I ended up building a simple webstack with Elixir, Phoenix and Liveview on top of Postgres and that’s just about it. I did some simple CICD with github actions. This setup will likely last me thru my next two or three eng hires.
UPDATE 2026-01: I’m up to an eng team of 5 and we are just now moving away from the “Just Use Postgres” to Still Mostly Using Postgres except for some docker sidecars for one off work such as pdf generation and also Oban (which is itself backed by Postgres, so the theme holds). No regrets, it’s been a very positive decision in hindsight.
The Core Idea
The core concept of “Just Use Postgres” is simple: shift complexity away from devops and into code.
Fewer moving parts means you move faster. More importantly, you can make architectural changes faster. When your infrastructure is basically “one Postgres instance,” new developers can get the full stack running on their laptop in minutes, not days.
What Postgres Replaced
Here’s what I didn’t need:
Elasticsearch/Typesense for search. Postgres has full-text search and trigram matching built in. I wrote about this in my Postgres Text Search 101 post. For an early-stage product, it’s more than good enough.
Redis/RabbitMQ for job queues. Postgres can be a perfectly fine job queue. SELECT … FOR UPDATE SKIP LOCKED gives you a reliable, transactional work queue without adding another service to your stack. Sequin has a great writeup on building your own SQS or Kafka with Postgres if you want to see how far you can push this.
Redis/Memcached for caching. JSONB columns and materialized views handle most of the caching patterns I needed. Unlogged tables work great for ephemeral data you’d normally throw in Redis. As an odd but positive side effect, when your data and your cache are on the same machine, you eliminate an entire class of cache invalidation headaches.
A separate key-value store. JSONB columns are a schemaless key-value store that also happens to support indexing and querying. It’s not as fast as Redis for hot-path lookups, but it’s more durable. It’s simpler than adding Mongo.
UPDATE 2026-01: AI/LLMs are unreasonably good at querying JSONB columns. They are good at SQL in general, but if Postgres’s somewhat odd JSONB syntax bothered you, AI makes it easier.
Why It Works
The conventional wisdom is that you should use the best tool for each job. This sounds reasonable until you realize that “best tool for the job” has a hidden cost: every tool you add is another thing that can break, another thing to deploy, another thing new hires need to learn, and another thing keeping you up at night.
The best tool for the job is often the tool you already have running, as long as it can do the job.
Postgres can do a surprising number of jobs. Not all of them optimally. But at early stage, optimal doesn’t matter. Speed of iteration matters. Simplicity of deployment matters. Being able to reason about your entire system matters.
This is the same principle I wrote about years ago in Principles of Scalable Architectures: simple as possible, as few components as possible. “Just Use Postgres” is that principle taken seriously.
When It Breaks Down
I’m not going to pretend this works forever. It doesn’t.

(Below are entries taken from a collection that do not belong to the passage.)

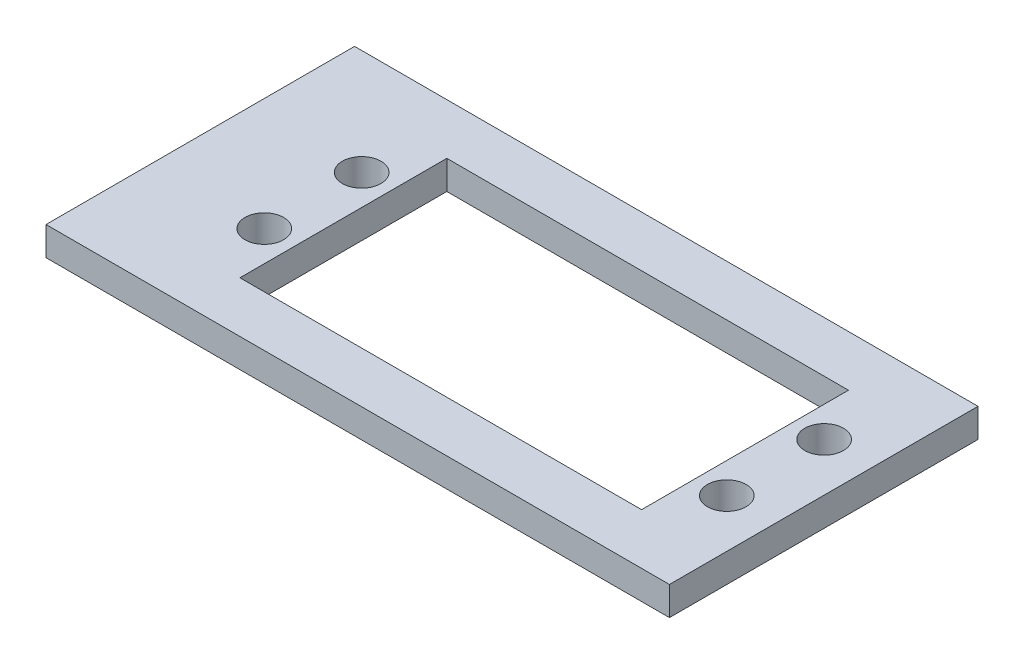
ISO-10303-21;
HEADER;
FILE_DESCRIPTION(('STEP AP214'),'2;1');
FILE_NAME('part.step','',(''),(''),'','','');
FILE_SCHEMA(('AUTOMOTIVE_DESIGN { 1 0 10303 214 1 1 1 1 }'));
ENDSEC;
DATA;
#1=APPLICATION_CONTEXT('core data for automotive mechanical design processes');
#2=APPLICATION_PROTOCOL_DEFINITION('international standard','automotive_design',2000,#1);
#3=PRODUCT_CONTEXT('',#1,'mechanical');
#4=PRODUCT('Part','Part','',(#3));
#5=PRODUCT_RELATED_PRODUCT_CATEGORY('part','',(#4));
#6=PRODUCT_DEFINITION_FORMATION('','',#4);
#7=PRODUCT_DEFINITION_CONTEXT('part definition',#1,'design');
#8=PRODUCT_DEFINITION('design','',#6,#7);
#9=PRODUCT_DEFINITION_SHAPE('','',#8);
#10=(LENGTH_UNIT() NAMED_UNIT(*) SI_UNIT(.MILLI.,.METRE.));
#11=(NAMED_UNIT(*) PLANE_ANGLE_UNIT() SI_UNIT($,.RADIAN.));
#12=(NAMED_UNIT(*) SI_UNIT($,.STERADIAN.) SOLID_ANGLE_UNIT());
#13=UNCERTAINTY_MEASURE_WITH_UNIT(LENGTH_MEASURE(1.E-05),#10,'distance_accuracy_value','');
#14=(GEOMETRIC_REPRESENTATION_CONTEXT(3) GLOBAL_UNCERTAINTY_ASSIGNED_CONTEXT((#13)) GLOBAL_UNIT_ASSIGNED_CONTEXT((#10,
#11,#12)) REPRESENTATION_CONTEXT('',''));
#15=CARTESIAN_POINT('',(0.,0.,0.));
#16=DIRECTION('',(0.,0.,1.));
#17=DIRECTION('',(1.,0.,0.));
#18=AXIS2_PLACEMENT_3D('',#15,#16,#17);
#19=CARTESIAN_POINT('',(0.,3.,-20.8673508669521));
#20=DIRECTION('',(0.,0.,-1.));
#21=DIRECTION('',(-1.,0.,0.));
#22=AXIS2_PLACEMENT_3D('',#19,#20,#21);
#23=PLANE('',#22);
#24=DIRECTION('',(1.,0.,0.));
#25=VECTOR('',#24,1.);
#26=CARTESIAN_POINT('',(0.,0.,-20.8673508669521));
#27=LINE('',#26,#25);
#28=CARTESIAN_POINT('',(-41.7204147572577,0.,-20.8673508669521));
#29=VERTEX_POINT('',#28);
#30=CARTESIAN_POINT('',(0.18958524274228,0.,-20.8673508669521));
#31=VERTEX_POINT('',#30);
#32=EDGE_CURVE('E172',#29,#31,#27,.T.);
#33=ORIENTED_EDGE('',*,*,#32,.T.);
#34=DIRECTION('',(0.,-1.,0.));
#35=VECTOR('',#34,1.);
#36=CARTESIAN_POINT('',(0.18958524274228,3.,-20.8673508669521));
#37=LINE('',#36,#35);
#38=CARTESIAN_POINT('',(0.18958524274228,3.,-20.8673508669521));
#39=VERTEX_POINT('',#38);
#40=EDGE_CURVE('E11',#39,#31,#37,.T.);
#41=ORIENTED_EDGE('',*,*,#40,.F.);
#42=DIRECTION('',(1.,0.,0.));
#43=VECTOR('',#42,1.);
#44=CARTESIAN_POINT('',(0.,3.,-20.8673508669521));
#45=LINE('',#44,#43);
#46=CARTESIAN_POINT('',(-41.7204147572577,3.,-20.8673508669521));
#47=VERTEX_POINT('',#46);
#48=EDGE_CURVE('E128',#47,#39,#45,.T.);
#49=ORIENTED_EDGE('',*,*,#48,.F.);
#50=DIRECTION('',(0.,-1.,0.));
#51=VECTOR('',#50,1.);
#52=CARTESIAN_POINT('',(-41.7204147572577,3.,-20.8673508669521));
#53=LINE('',#52,#51);
#54=EDGE_CURVE('E183',#47,#29,#53,.T.);
#55=ORIENTED_EDGE('',*,*,#54,.T.);
#56=EDGE_LOOP('',(#33,#41,#49,#55));
#57=FACE_BOUND('',#56,.T.);
#58=ADVANCED_FACE('F39',(#57),#23,.F.);
#59=CARTESIAN_POINT('',(0.18958524274228,3.,0.));
#60=DIRECTION('',(-1.,0.,0.));
#61=DIRECTION('',(0.,0.,1.));
#62=AXIS2_PLACEMENT_3D('',#59,#60,#61);
#63=PLANE('',#62);
#64=DIRECTION('',(0.,0.,-1.));
#65=VECTOR('',#64,1.);
#66=CARTESIAN_POINT('',(0.18958524274228,0.,0.));
#67=LINE('',#66,#65);
#68=CARTESIAN_POINT('',(0.18958524274228,0.,0.722649133047922));
#69=VERTEX_POINT('',#68);
#70=EDGE_CURVE('E118',#69,#31,#67,.T.);
#71=ORIENTED_EDGE('',*,*,#70,.F.);
#72=DIRECTION('',(0.,-1.,0.));
#73=VECTOR('',#72,1.);
#74=CARTESIAN_POINT('',(0.18958524274228,3.,0.722649133047922));
#75=LINE('',#74,#73);
#76=CARTESIAN_POINT('',(0.18958524274228,3.,0.722649133047922));
#77=VERTEX_POINT('',#76);
#78=EDGE_CURVE('E50',#77,#69,#75,.T.);
#79=ORIENTED_EDGE('',*,*,#78,.F.);
#80=DIRECTION('',(0.,0.,-1.));
#81=VECTOR('',#80,1.);
#82=CARTESIAN_POINT('',(0.18958524274228,3.,0.));
#83=LINE('',#82,#81);
#84=EDGE_CURVE('E116',#77,#39,#83,.T.);
#85=ORIENTED_EDGE('',*,*,#84,.T.);
#86=ORIENTED_EDGE('',*,*,#40,.T.);
#87=EDGE_LOOP('',(#71,#79,#85,#86));
#88=FACE_BOUND('',#87,.T.);
#89=ADVANCED_FACE('F115',(#88),#63,.T.);
#90=CARTESIAN_POINT('',(0.,3.,0.722649133047922));
#91=DIRECTION('',(0.,0.,-1.));
#92=DIRECTION('',(-1.,0.,0.));
#93=AXIS2_PLACEMENT_3D('',#90,#91,#92);
#94=PLANE('',#93);
#95=DIRECTION('',(1.,0.,0.));
#96=VECTOR('',#95,1.);
#97=CARTESIAN_POINT('',(0.,0.,0.722649133047922));
#98=LINE('',#97,#96);
#99=CARTESIAN_POINT('',(-41.7204147572577,0.,0.722649133047922));
#100=VERTEX_POINT('',#99);
#101=EDGE_CURVE('E178',#100,#69,#98,.T.);
#102=ORIENTED_EDGE('',*,*,#101,.F.);
#103=DIRECTION('',(0.,-1.,0.));
#104=VECTOR('',#103,1.);
#105=CARTESIAN_POINT('',(-41.7204147572577,3.,0.722649133047922));
#106=LINE('',#105,#104);
#107=CARTESIAN_POINT('',(-41.7204147572577,3.,0.722649133047922));
#108=VERTEX_POINT('',#107);
#109=EDGE_CURVE('E86',#108,#100,#106,.T.);
#110=ORIENTED_EDGE('',*,*,#109,.F.);
#111=DIRECTION('',(1.,0.,0.));
#112=VECTOR('',#111,1.);
#113=CARTESIAN_POINT('',(0.,3.,0.722649133047922));
#114=LINE('',#113,#112);
#115=EDGE_CURVE('E126',#108,#77,#114,.T.);
#116=ORIENTED_EDGE('',*,*,#115,.T.);
#117=ORIENTED_EDGE('',*,*,#78,.T.);
#118=EDGE_LOOP('',(#102,#110,#116,#117));
#119=FACE_BOUND('',#118,.T.);
#120=ADVANCED_FACE('F132',(#119),#94,.T.);
#121=CARTESIAN_POINT('',(0.,3.,-26.1714026151938));
#122=DIRECTION('',(0.,0.,1.));
#123=DIRECTION('',(1.,0.,0.));
#124=AXIS2_PLACEMENT_3D('',#121,#122,#123);
#125=PLANE('',#124);
#126=DIRECTION('',(-1.,0.,0.));
#127=VECTOR('',#126,1.);
#128=CARTESIAN_POINT('',(0.,0.,-26.1714026151938));
#129=LINE('',#128,#127);
#130=CARTESIAN_POINT('',(8.4020641389915,0.,-26.1714026151938));
#131=VERTEX_POINT('',#130);
#132=CARTESIAN_POINT('',(-56.6534698572577,0.,-26.1714026151938));
#133=VERTEX_POINT('',#132);
#134=EDGE_CURVE('E140',#131,#133,#129,.T.);
#135=ORIENTED_EDGE('',*,*,#134,.T.);
#136=DIRECTION('',(0.,-1.,0.));
#137=VECTOR('',#136,1.);
#138=CARTESIAN_POINT('',(-56.6534698572577,3.,-26.1714026151938));
#139=LINE('',#138,#137);
#140=CARTESIAN_POINT('',(-56.6534698572577,3.,-26.1714026151938));
#141=VERTEX_POINT('',#140);
#142=EDGE_CURVE('E43',#141,#133,#139,.T.);
#143=ORIENTED_EDGE('',*,*,#142,.F.);
#144=DIRECTION('',(-1.,0.,0.));
#145=VECTOR('',#144,1.);
#146=CARTESIAN_POINT('',(0.,3.,-26.1714026151938));
#147=LINE('',#146,#145);
#148=CARTESIAN_POINT('',(8.4020641389915,3.,-26.1714026151938));
#149=VERTEX_POINT('',#148);
#150=EDGE_CURVE('E98',#149,#141,#147,.T.);
#151=ORIENTED_EDGE('',*,*,#150,.F.);
#152=DIRECTION('',(0.,-1.,0.));
#153=VECTOR('',#152,1.);
#154=CARTESIAN_POINT('',(8.4020641389915,3.,-26.1714026151938));
#155=LINE('',#154,#153);
#156=EDGE_CURVE('E136',#149,#131,#155,.T.);
#157=ORIENTED_EDGE('',*,*,#156,.T.);
#158=EDGE_LOOP('',(#135,#143,#151,#157));
#159=FACE_BOUND('',#158,.T.);
#160=ADVANCED_FACE('F41',(#159),#125,.F.);
#161=CARTESIAN_POINT('',(-56.6534698572577,3.,0.));
#162=DIRECTION('',(-1.,0.,0.));
#163=DIRECTION('',(0.,0.,1.));
#164=AXIS2_PLACEMENT_3D('',#161,#162,#163);
#165=PLANE('',#164);
#166=DIRECTION('',(0.,0.,-1.));
#167=VECTOR('',#166,1.);
#168=CARTESIAN_POINT('',(-56.6534698572577,0.,0.));
#169=LINE('',#168,#167);
#170=CARTESIAN_POINT('',(-56.6534698572577,0.,6.0267008812897));
#171=VERTEX_POINT('',#170);
#172=EDGE_CURVE('E144',#171,#133,#169,.T.);
#173=ORIENTED_EDGE('',*,*,#172,.F.);
#174=DIRECTION('',(0.,-1.,0.));
#175=VECTOR('',#174,1.);
#176=CARTESIAN_POINT('',(-56.6534698572577,3.,6.0267008812897));
#177=LINE('',#176,#175);
#178=CARTESIAN_POINT('',(-56.6534698572577,3.,6.0267008812897));
#179=VERTEX_POINT('',#178);
#180=EDGE_CURVE('E192',#179,#171,#177,.T.);
#181=ORIENTED_EDGE('',*,*,#180,.F.);
#182=DIRECTION('',(0.,0.,-1.));
#183=VECTOR('',#182,1.);
#184=CARTESIAN_POINT('',(-56.6534698572577,3.,0.));
#185=LINE('',#184,#183);
#186=EDGE_CURVE('E202',#179,#141,#185,.T.);
#187=ORIENTED_EDGE('',*,*,#186,.T.);
#188=ORIENTED_EDGE('',*,*,#142,.T.);
#189=EDGE_LOOP('',(#173,#181,#187,#188));
#190=FACE_BOUND('',#189,.T.);
#191=ADVANCED_FACE('F201',(#190),#165,.T.);
#192=CARTESIAN_POINT('',(0.,3.,6.0267008812897));
#193=DIRECTION('',(0.,0.,1.));
#194=DIRECTION('',(1.,0.,0.));
#195=AXIS2_PLACEMENT_3D('',#192,#193,#194);
#196=PLANE('',#195);
#197=DIRECTION('',(-1.,0.,0.));
#198=VECTOR('',#197,1.);
#199=CARTESIAN_POINT('',(0.,0.,6.0267008812897));
#200=LINE('',#199,#198);
#201=CARTESIAN_POINT('',(8.4020641389915,0.,6.0267008812897));
#202=VERTEX_POINT('',#201);
#203=EDGE_CURVE('E148',#202,#171,#200,.T.);
#204=ORIENTED_EDGE('',*,*,#203,.F.);
#205=DIRECTION('',(0.,-1.,0.));
#206=VECTOR('',#205,1.);
#207=CARTESIAN_POINT('',(8.4020641389915,3.,6.0267008812897));
#208=LINE('',#207,#206);
#209=CARTESIAN_POINT('',(8.4020641389915,3.,6.0267008812897));
#210=VERTEX_POINT('',#209);
#211=EDGE_CURVE('E190',#210,#202,#208,.T.);
#212=ORIENTED_EDGE('',*,*,#211,.F.);
#213=DIRECTION('',(-1.,0.,0.));
#214=VECTOR('',#213,1.);
#215=CARTESIAN_POINT('',(0.,3.,6.0267008812897));
#216=LINE('',#215,#214);
#217=EDGE_CURVE('E211',#210,#179,#216,.T.);
#218=ORIENTED_EDGE('',*,*,#217,.T.);
#219=ORIENTED_EDGE('',*,*,#180,.T.);
#220=EDGE_LOOP('',(#204,#212,#218,#219));
#221=FACE_BOUND('',#220,.T.);
#222=ADVANCED_FACE('F209',(#221),#196,.T.);
#223=CARTESIAN_POINT('',(3.36458524274226,3.,-15.1523508669521));
#224=DIRECTION('',(0.,-1.,0.));
#225=DIRECTION('',(0.,0.,-1.));
#226=AXIS2_PLACEMENT_3D('',#223,#224,#225);
#227=CYLINDRICAL_SURFACE('',#226,2.01930000000001);
#228=CARTESIAN_POINT('',(3.36458524274226,3.,-15.1523508669521));
#229=DIRECTION('',(0.,1.,0.));
#230=DIRECTION('',(0.,0.,1.));
#231=AXIS2_PLACEMENT_3D('',#228,#229,#230);
#232=CIRCLE('',#231,2.01930000000001);
#233=CARTESIAN_POINT('',(3.36458524274226,3.,-13.1330508669521));
#234=VERTEX_POINT('',#233);
#235=EDGE_CURVE('E235',#234,#234,#232,.T.);
#236=ORIENTED_EDGE('',*,*,#235,.T.);
#237=EDGE_LOOP('',(#236));
#238=FACE_BOUND('',#237,.T.);
#239=CARTESIAN_POINT('',(3.36458524274226,0.,-15.1523508669521));
#240=DIRECTION('',(0.,1.,0.));
#241=DIRECTION('',(0.,0.,1.));
#242=AXIS2_PLACEMENT_3D('',#239,#240,#241);
#243=CIRCLE('',#242,2.01930000000001);
#244=CARTESIAN_POINT('',(3.36458524274226,0.,-13.1330508669521));
#245=VERTEX_POINT('',#244);
#246=EDGE_CURVE('E168',#245,#245,#243,.T.);
#247=ORIENTED_EDGE('',*,*,#246,.F.);
#248=EDGE_LOOP('',(#247));
#249=FACE_BOUND('',#248,.T.);
#250=ADVANCED_FACE('F241',(#238,#249),#227,.F.);
#251=CARTESIAN_POINT('',(3.36458524274226,3.,-4.99235086695208));
#252=DIRECTION('',(0.,-1.,0.));
#253=DIRECTION('',(0.,0.,-1.));
#254=AXIS2_PLACEMENT_3D('',#251,#252,#253);
#255=CYLINDRICAL_SURFACE('',#254,2.01930000000001);
#256=CARTESIAN_POINT('',(3.36458524274226,3.,-4.99235086695208));
#257=DIRECTION('',(0.,1.,0.));
#258=DIRECTION('',(0.,0.,1.));
#259=AXIS2_PLACEMENT_3D('',#256,#257,#258);
#260=CIRCLE('',#259,2.01930000000001);
#261=CARTESIAN_POINT('',(3.36458524274226,3.,-2.97305086695207));
#262=VERTEX_POINT('',#261);
#263=EDGE_CURVE('E231',#262,#262,#260,.T.);
#264=ORIENTED_EDGE('',*,*,#263,.T.);
#265=EDGE_LOOP('',(#264));
#266=FACE_BOUND('',#265,.T.);
#267=CARTESIAN_POINT('',(3.36458524274226,0.,-4.99235086695208));
#268=DIRECTION('',(0.,1.,0.));
#269=DIRECTION('',(0.,0.,1.));
#270=AXIS2_PLACEMENT_3D('',#267,#268,#269);
#271=CIRCLE('',#270,2.01930000000001);
#272=CARTESIAN_POINT('',(3.36458524274226,0.,-2.97305086695207));
#273=VERTEX_POINT('',#272);
#274=EDGE_CURVE('E164',#273,#273,#271,.T.);
#275=ORIENTED_EDGE('',*,*,#274,.F.);
#276=EDGE_LOOP('',(#275));
#277=FACE_BOUND('',#276,.T.);
#278=ADVANCED_FACE('F264',(#266,#277),#255,.F.);
#279=CARTESIAN_POINT('',(-44.8954147572577,3.,-15.1523508669521));
#280=DIRECTION('',(0.,-1.,0.));
#281=DIRECTION('',(0.,0.,-1.));
#282=AXIS2_PLACEMENT_3D('',#279,#280,#281);
#283=CYLINDRICAL_SURFACE('',#282,2.01930000000001);
#284=CARTESIAN_POINT('',(-44.8954147572577,3.,-15.1523508669521));
#285=DIRECTION('',(0.,1.,0.));
#286=DIRECTION('',(0.,0.,1.));
#287=AXIS2_PLACEMENT_3D('',#284,#285,#286);
#288=CIRCLE('',#287,2.01930000000001);
#289=CARTESIAN_POINT('',(-44.8954147572577,3.,-13.1330508669521));
#290=VERTEX_POINT('',#289);
#291=EDGE_CURVE('E224',#290,#290,#288,.T.);
#292=ORIENTED_EDGE('',*,*,#291,.T.);
#293=EDGE_LOOP('',(#292));
#294=FACE_BOUND('',#293,.T.);
#295=CARTESIAN_POINT('',(-44.8954147572577,0.,-15.1523508669521));
#296=DIRECTION('',(0.,1.,0.));
#297=DIRECTION('',(0.,0.,1.));
#298=AXIS2_PLACEMENT_3D('',#295,#296,#297);
#299=CIRCLE('',#298,2.01930000000001);
#300=CARTESIAN_POINT('',(-44.8954147572577,0.,-13.1330508669521));
#301=VERTEX_POINT('',#300);
#302=EDGE_CURVE('E160',#301,#301,#299,.T.);
#303=ORIENTED_EDGE('',*,*,#302,.F.);
#304=EDGE_LOOP('',(#303));
#305=FACE_BOUND('',#304,.T.);
#306=ADVANCED_FACE('F267',(#294,#305),#283,.F.);
#307=CARTESIAN_POINT('',(-44.8954147572577,3.,-4.99235086695208));
#308=DIRECTION('',(0.,-1.,0.));
#309=DIRECTION('',(0.,0.,-1.));
#310=AXIS2_PLACEMENT_3D('',#307,#308,#309);
#311=CYLINDRICAL_SURFACE('',#310,2.01930000000001);
#312=CARTESIAN_POINT('',(-44.8954147572577,3.,-4.99235086695208));
#313=DIRECTION('',(0.,1.,0.));
#314=DIRECTION('',(0.,0.,1.));
#315=AXIS2_PLACEMENT_3D('',#312,#313,#314);
#316=CIRCLE('',#315,2.01930000000001);
#317=CARTESIAN_POINT('',(-44.8954147572577,3.,-2.97305086695207));
#318=VERTEX_POINT('',#317);
#319=EDGE_CURVE('E220',#318,#318,#316,.T.);
#320=ORIENTED_EDGE('',*,*,#319,.T.);
#321=EDGE_LOOP('',(#320));
#322=FACE_BOUND('',#321,.T.);
#323=CARTESIAN_POINT('',(-44.8954147572577,0.,-4.99235086695208));
#324=DIRECTION('',(0.,1.,0.));
#325=DIRECTION('',(0.,0.,1.));
#326=AXIS2_PLACEMENT_3D('',#323,#324,#325);
#327=CIRCLE('',#326,2.01930000000001);
#328=CARTESIAN_POINT('',(-44.8954147572577,0.,-2.97305086695207));
#329=VERTEX_POINT('',#328);
#330=EDGE_CURVE('E156',#329,#329,#327,.T.);
#331=ORIENTED_EDGE('',*,*,#330,.F.);
#332=EDGE_LOOP('',(#331));
#333=FACE_BOUND('',#332,.T.);
#334=ADVANCED_FACE('F271',(#322,#333),#311,.F.);
#335=CARTESIAN_POINT('',(8.4020641389915,3.,0.));
#336=DIRECTION('',(1.,0.,0.));
#337=DIRECTION('',(0.,0.,-1.));
#338=AXIS2_PLACEMENT_3D('',#335,#336,#337);
#339=PLANE('',#338);
#340=DIRECTION('',(0.,0.,1.));
#341=VECTOR('',#340,1.);
#342=CARTESIAN_POINT('',(8.4020641389915,0.,0.));
#343=LINE('',#342,#341);
#344=EDGE_CURVE('E152',#131,#202,#343,.T.);
#345=ORIENTED_EDGE('',*,*,#344,.F.);
#346=ORIENTED_EDGE('',*,*,#156,.F.);
#347=DIRECTION('',(0.,0.,1.));
#348=VECTOR('',#347,1.);
#349=CARTESIAN_POINT('',(8.4020641389915,3.,0.));
#350=LINE('',#349,#348);
#351=EDGE_CURVE('E215',#149,#210,#350,.T.);
#352=ORIENTED_EDGE('',*,*,#351,.T.);
#353=ORIENTED_EDGE('',*,*,#211,.T.);
#354=EDGE_LOOP('',(#345,#346,#352,#353));
#355=FACE_BOUND('',#354,.T.);
#356=ADVANCED_FACE('F218',(#355),#339,.T.);
#357=CARTESIAN_POINT('',(-41.7204147572577,3.,0.));
#358=DIRECTION('',(-1.,0.,0.));
#359=DIRECTION('',(0.,0.,1.));
#360=AXIS2_PLACEMENT_3D('',#357,#358,#359);
#361=PLANE('',#360);
#362=DIRECTION('',(0.,0.,-1.));
#363=VECTOR('',#362,1.);
#364=CARTESIAN_POINT('',(-41.7204147572577,0.,0.));
#365=LINE('',#364,#363);
#366=EDGE_CURVE('E89',#100,#29,#365,.T.);
#367=ORIENTED_EDGE('',*,*,#366,.T.);
#368=ORIENTED_EDGE('',*,*,#54,.F.);
#369=DIRECTION('',(0.,0.,-1.));
#370=VECTOR('',#369,1.);
#371=CARTESIAN_POINT('',(-41.7204147572577,3.,0.));
#372=LINE('',#371,#370);
#373=EDGE_CURVE('E59',#108,#47,#372,.T.);
#374=ORIENTED_EDGE('',*,*,#373,.F.);
#375=ORIENTED_EDGE('',*,*,#109,.T.);
#376=EDGE_LOOP('',(#367,#368,#374,#375));
#377=FACE_BOUND('',#376,.T.);
#378=ADVANCED_FACE('F245',(#377),#361,.F.);
#379=CARTESIAN_POINT('',(0.,3.,0.));
#380=DIRECTION('',(0.,1.,0.));
#381=DIRECTION('',(0.,0.,1.));
#382=AXIS2_PLACEMENT_3D('',#379,#380,#381);
#383=PLANE('',#382);
#384=ORIENTED_EDGE('',*,*,#150,.T.);
#385=ORIENTED_EDGE('',*,*,#186,.F.);
#386=ORIENTED_EDGE('',*,*,#217,.F.);
#387=ORIENTED_EDGE('',*,*,#351,.F.);
#388=EDGE_LOOP('',(#384,#385,#386,#387));
#389=FACE_BOUND('',#388,.T.);
#390=ORIENTED_EDGE('',*,*,#319,.F.);
#391=EDGE_LOOP('',(#390));
#392=FACE_BOUND('',#391,.T.);
#393=ORIENTED_EDGE('',*,*,#291,.F.);
#394=EDGE_LOOP('',(#393));
#395=FACE_BOUND('',#394,.T.);
#396=ORIENTED_EDGE('',*,*,#263,.F.);
#397=EDGE_LOOP('',(#396));
#398=FACE_BOUND('',#397,.T.);
#399=ORIENTED_EDGE('',*,*,#235,.F.);
#400=EDGE_LOOP('',(#399));
#401=FACE_BOUND('',#400,.T.);
#402=ORIENTED_EDGE('',*,*,#48,.T.);
#403=ORIENTED_EDGE('',*,*,#84,.F.);
#404=ORIENTED_EDGE('',*,*,#115,.F.);
#405=ORIENTED_EDGE('',*,*,#373,.T.);
#406=EDGE_LOOP('',(#402,#403,#404,#405));
#407=FACE_BOUND('',#406,.T.);
#408=ADVANCED_FACE('F125',(#389,#392,#395,#398,#401,#407),#383,.T.);
#409=CARTESIAN_POINT('',(0.,0.,0.));
#410=DIRECTION('',(0.,1.,0.));
#411=DIRECTION('',(0.,0.,1.));
#412=AXIS2_PLACEMENT_3D('',#409,#410,#411);
#413=PLANE('',#412);
#414=ORIENTED_EDGE('',*,*,#134,.F.);
#415=ORIENTED_EDGE('',*,*,#344,.T.);
#416=ORIENTED_EDGE('',*,*,#203,.T.);
#417=ORIENTED_EDGE('',*,*,#172,.T.);
#418=EDGE_LOOP('',(#414,#415,#416,#417));
#419=FACE_BOUND('',#418,.T.);
#420=ORIENTED_EDGE('',*,*,#330,.T.);
#421=EDGE_LOOP('',(#420));
#422=FACE_BOUND('',#421,.T.);
#423=ORIENTED_EDGE('',*,*,#302,.T.);
#424=EDGE_LOOP('',(#423));
#425=FACE_BOUND('',#424,.T.);
#426=ORIENTED_EDGE('',*,*,#274,.T.);
#427=EDGE_LOOP('',(#426));
#428=FACE_BOUND('',#427,.T.);
#429=ORIENTED_EDGE('',*,*,#246,.T.);
#430=EDGE_LOOP('',(#429));
#431=FACE_BOUND('',#430,.T.);
#432=ORIENTED_EDGE('',*,*,#32,.F.);
#433=ORIENTED_EDGE('',*,*,#366,.F.);
#434=ORIENTED_EDGE('',*,*,#101,.T.);
#435=ORIENTED_EDGE('',*,*,#70,.T.);
#436=EDGE_LOOP('',(#432,#433,#434,#435));
#437=FACE_BOUND('',#436,.T.);
#438=ADVANCED_FACE('F207',(#419,#422,#425,#428,#431,#437),#413,.F.);
#439=CLOSED_SHELL('',(#58,#89,#120,#160,#191,#222,#250,#278,#306,#334,#356,#378,#408,#438));
#440=MANIFOLD_SOLID_BREP('B2',#439);
#441=ADVANCED_BREP_SHAPE_REPRESENTATION('',(#18,#440),#14);
#442=SHAPE_DEFINITION_REPRESENTATION(#9,#441);
ENDSEC;
END-ISO-10303-21;

When your search queries start taking hundreds of milliseconds and you’ve exhausted your indexing options, it’s time for a dedicated search engine. When you’re processing tens of thousands of jobs per second, you probably want a real message broker. When you need sub-millisecond cache lookups at massive scale, Redis earns its keep.
But here’s the thing: you’ll know when you get there. And when you do, you’ll be migrating one well-understood component at a time, not untangling an operational ball of spaghetti.
Just Use Postgres
Are you early stage? Then start with Postgres. Use it for everything you can. Add complexity only when your scale forces your hand.
You’ll ship faster, sleep better, and (hopefully) spend your limited engineering bandwidth on stuff that actually matters to your customers.